Gaucher disease (GD) is an autosomal recessive disorder resulting from the deficiency of the lysosomal enzyme glucocerebrosidase (b-glucosidase), associated with varying degrees of visceral, bone and central nervous system pathology, leading to wide phenotypic diversity. Response to therapy and clinical outcomes are very different between the three clinical subtypes - non-neuronopathic, acute neuronopathic, and chronic neuronopathic forms; hence a definitive clinical diagnosis is essential.
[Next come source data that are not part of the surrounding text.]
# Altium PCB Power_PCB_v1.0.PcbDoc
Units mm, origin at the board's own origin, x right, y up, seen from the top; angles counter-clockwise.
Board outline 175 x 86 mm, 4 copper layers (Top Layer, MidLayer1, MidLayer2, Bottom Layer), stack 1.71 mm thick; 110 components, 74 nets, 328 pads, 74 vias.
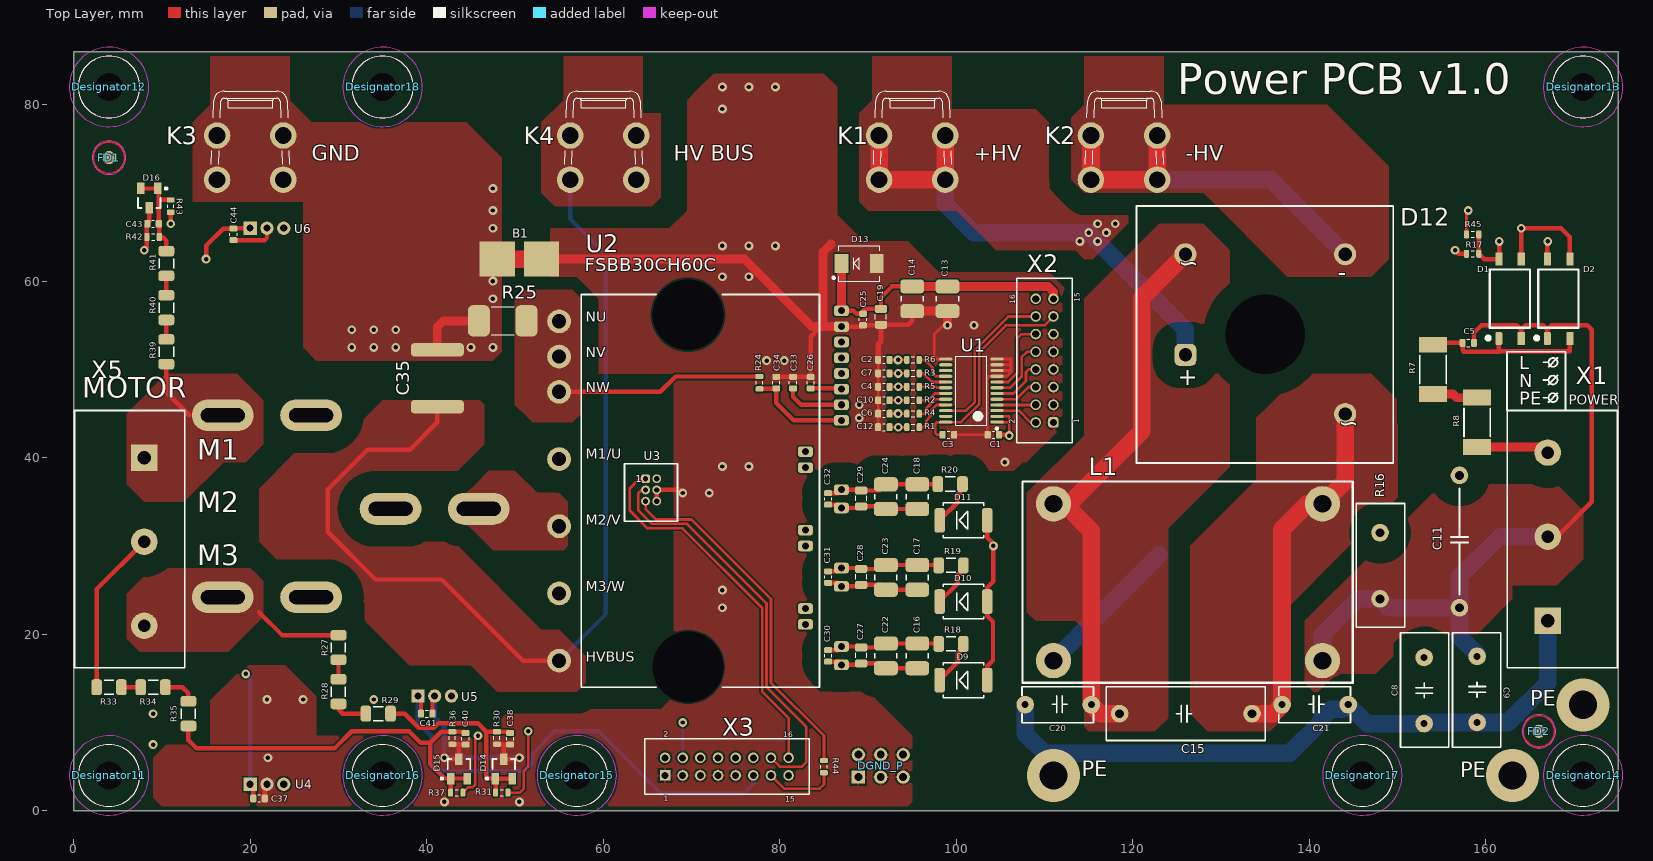
[diagram p0: Top Layer view]
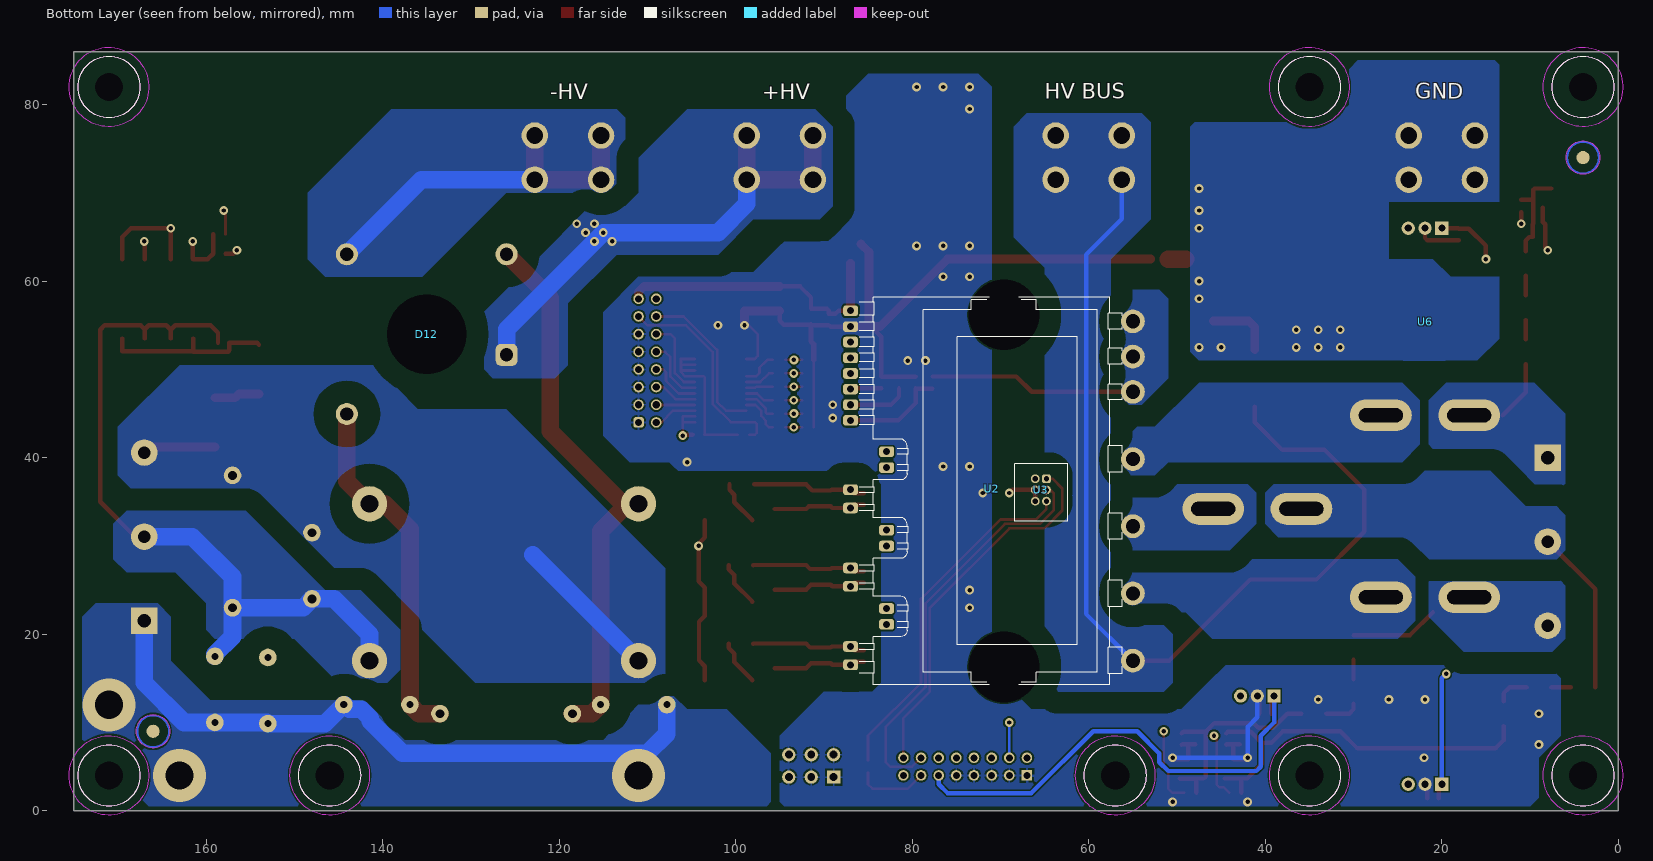
[diagram p1: Bottom Layer view, seen from below]
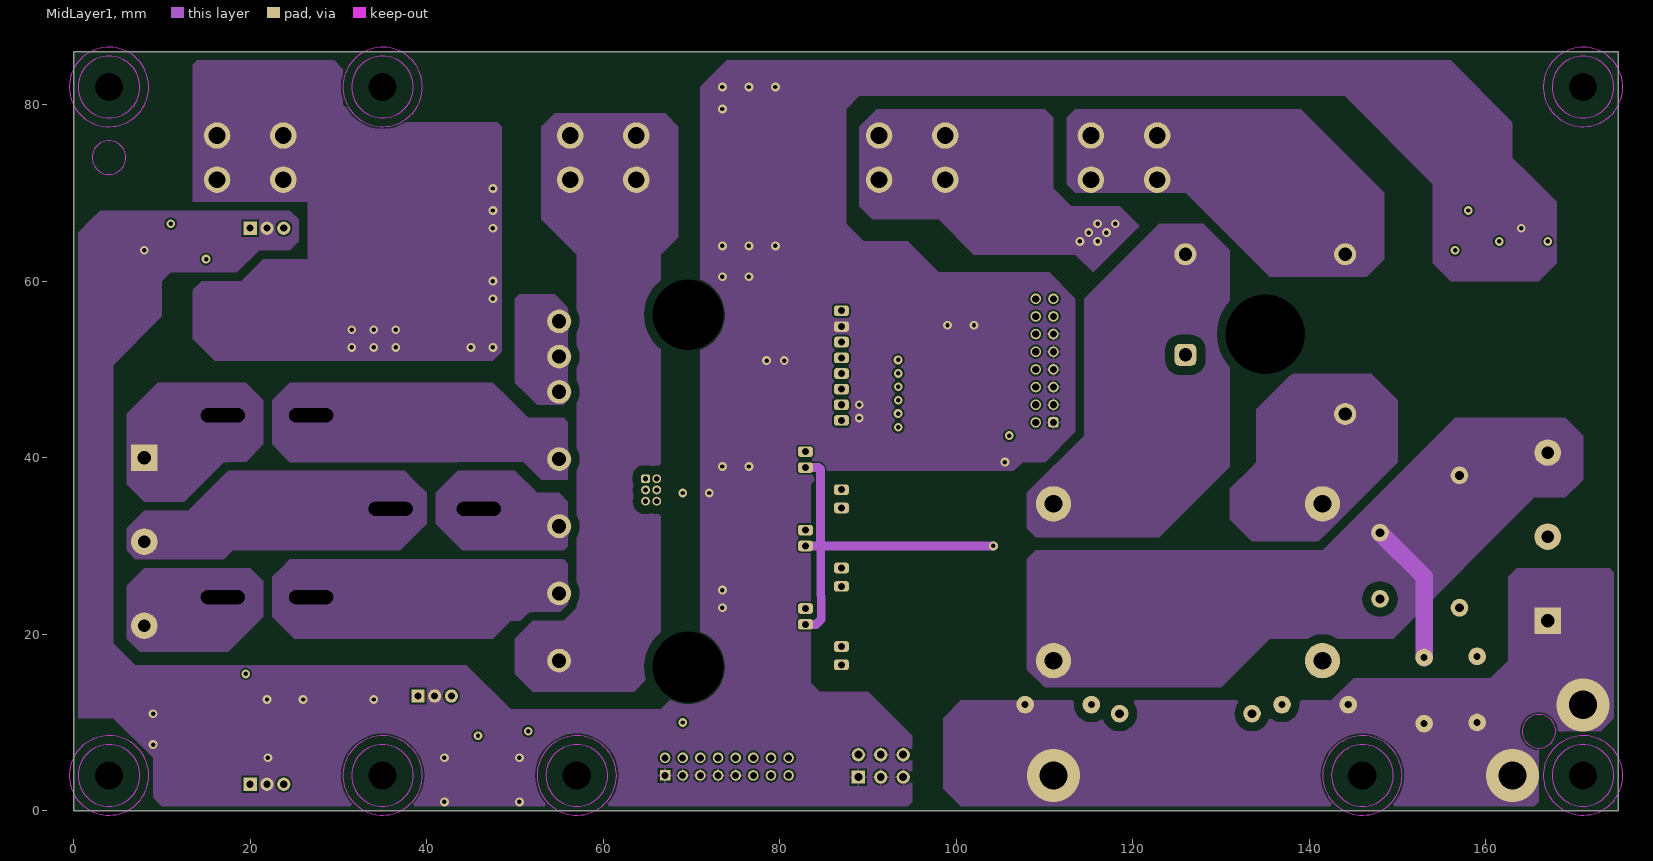
[diagram p2: MidLayer1]
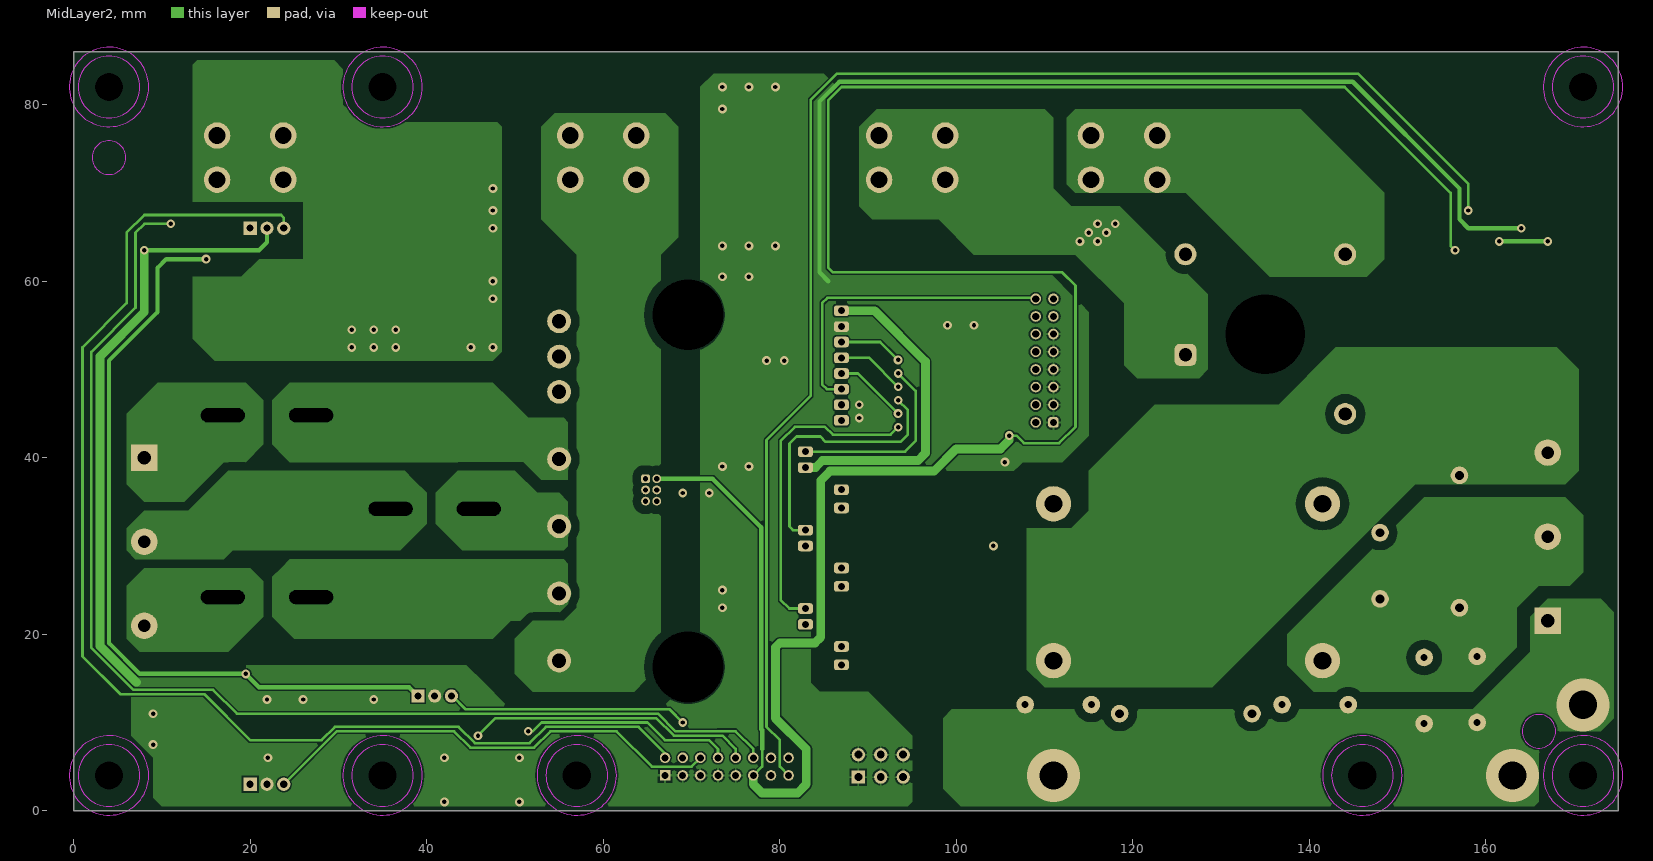
[diagram p3: MidLayer2]
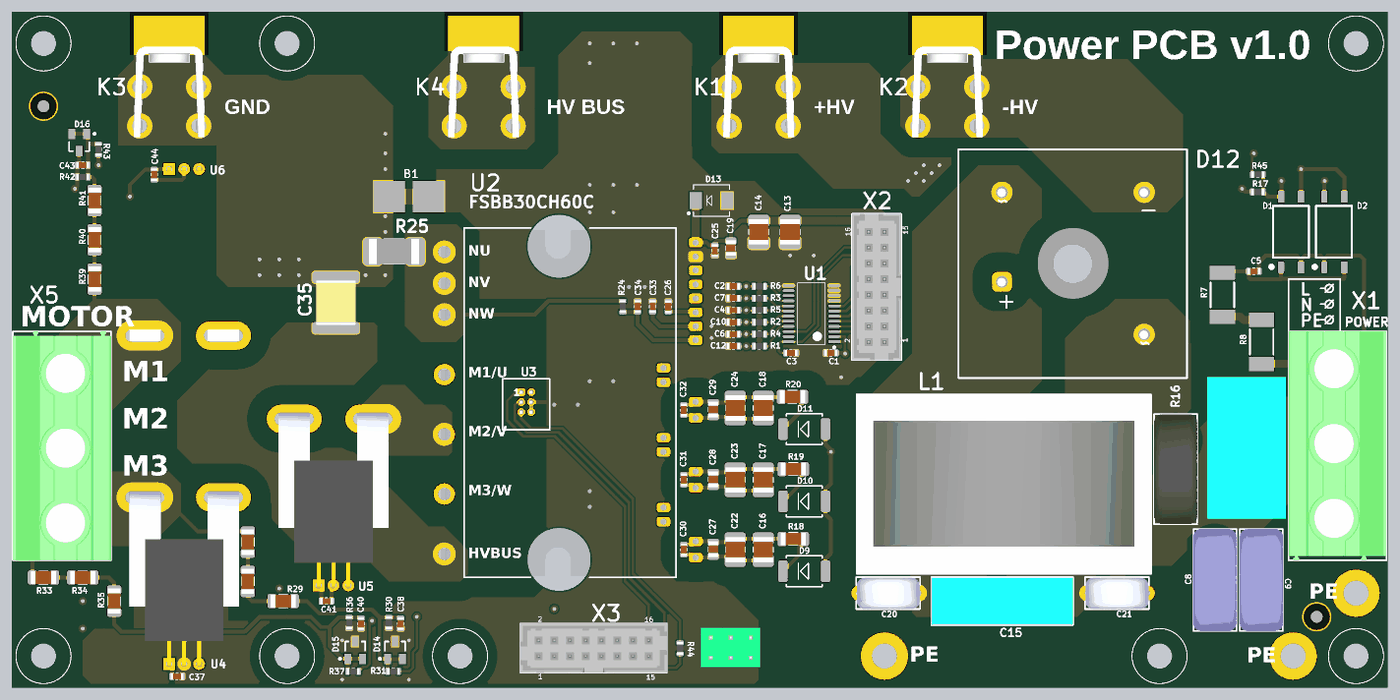
[diagram p4: 3D render of the assembled board from above, using the file's embedded part models]
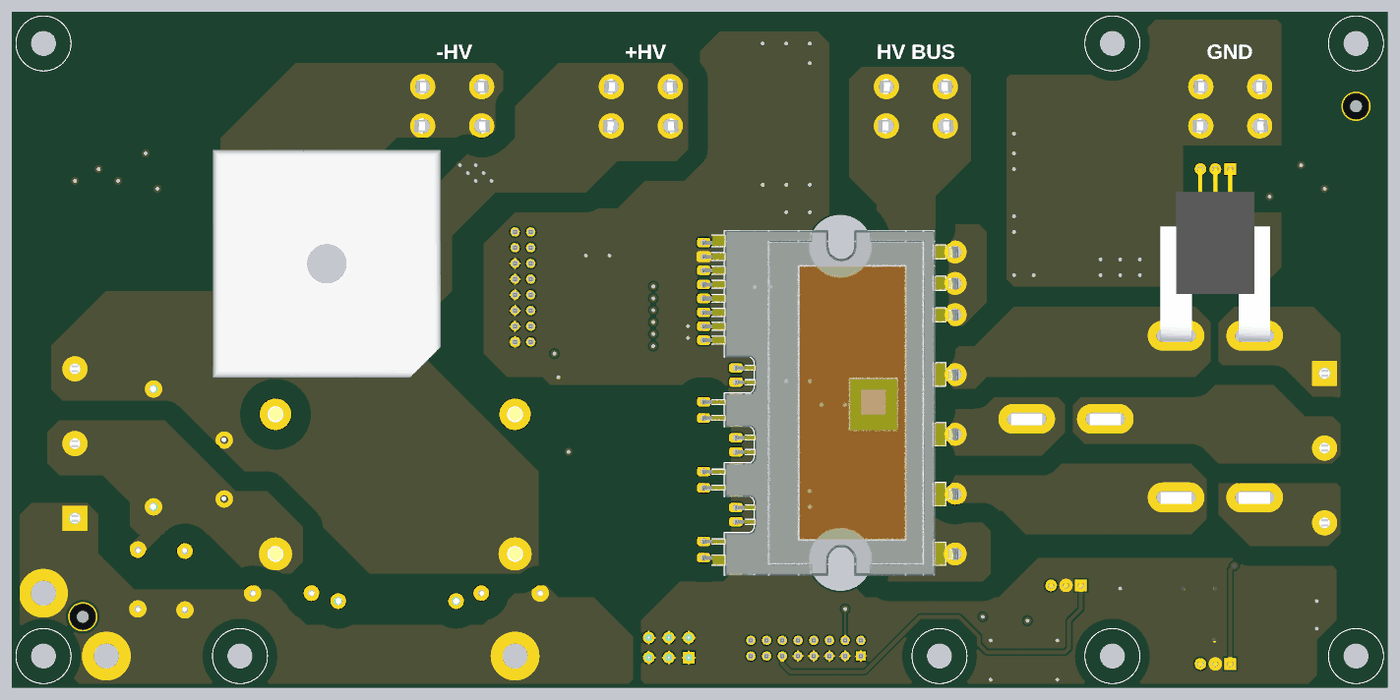
[diagram p5: 3D render of the assembled board from below, using the file's embedded part models]

## Layer stack, top to bottom
Top Solder: solder mask 0.0102, Solder Resist, Dk 3.5
Top Layer: signal copper 0.07
Dielectric1: prepreg 0.36, FR-4, Dk 4.8
MidLayer1: signal copper 0.07
Dielectric2: core 0.71, FR-4, Dk 4.8
MidLayer2: signal copper 0.07
Dielectric3: prepreg 0.36, FR-4, Dk 4.8
Bottom Layer: signal copper 0.07
Bottom Solder: solder mask 0.0102, Solder Resist, Dk 3.5

## Board outline
0,0 0,86 175,86 175,0

## Design rules (kind name [scope] priority, off if disabled: settings)
Clearance "Bot DGND" [InNamedPolygon('Bot DGND') vs not (InNetClass('HV_W') or InNetClass('HV_V') or InNetClass('HV_U') or InNetClass('HV_B') or InNetClass('HV_L') or InNetClass('HV_N')  )] p1: gap=0.5 ignorepadtopadclearanceinfootprint=FALSE except(0: Arc-Hole Track-Hole SMDPad-Hole THPad-Hole Via-Hole Fill-Hole Poly-Hole Region-Hole Text-Hole)
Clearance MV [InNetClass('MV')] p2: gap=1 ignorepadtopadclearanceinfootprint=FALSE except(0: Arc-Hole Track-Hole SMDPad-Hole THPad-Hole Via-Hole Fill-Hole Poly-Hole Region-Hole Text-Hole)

The availability of two therapeutic options, i.e. enzyme replacement and substrate reduction, has transformed the natural course of the disease. As pre-treatment disease severity clearly impacts results of therapy, early diagnosis and initiation of treatment especially in the pediatric population are keys to achieving an optimal outcome. Areas covered: We reviewed the literature concerning the treatment of GD focusing on pediatric presentations, various pharmacological treatment options and recommendations for management goals. A PubMed literature search was performed for relevant publications between 1991 and September 2018. Expert commentary: The approval of enzyme replacement therapy (ERT) for GD in the pediatric age group has significantly altered the course of the disease, especially for non-neuronopathic and chronic neuronopathic forms, as ERT does not cross the blood-brain barrier. Early diagnosis, regular follow-up and early initiation of treatment can thus prevent some irreversible complications and improve patient quality of life.

摘要

戈谢病(GD)是一种常染色体隐性遗传病,由溶酶体酶葡糖脑苷脂酶(β-葡萄糖苷酶)缺乏引起,伴有不同程度的内脏、骨骼和中枢神经系统病变,导致广泛的表型多样性。三种临床亚型——非神经病变型、急性神经病变型和慢性神经病变型——的治疗反应和临床结局差异很大;因此,明确的临床诊断至关重要。两种治疗选择,即酶替代和底物减少,已经改变了疾病的自然病程。由于治疗前疾病的严重程度明显影响治疗效果,因此早期诊断和开始治疗,特别是在儿科人群中,是实现最佳疗效的关键。 涵盖领域:我们回顾了关于 GD 治疗的文献,重点关注儿科表现、各种药物治疗选择以及管理目标的建议。在 1991 年至 2018 年 9 月期间,对 PubMed 文献进行了相关出版物的检索。 专家评论:酶替代疗法(ERT)在儿科年龄组中用于 GD 的批准显著改变了疾病的进程,特别是对于非神经病变型和慢性神经病变型,因为 ERT 不能穿透血脑屏障。因此,早期诊断、定期随访和早期开始治疗可以预防一些不可逆转的并发症并提高患者的生活质量。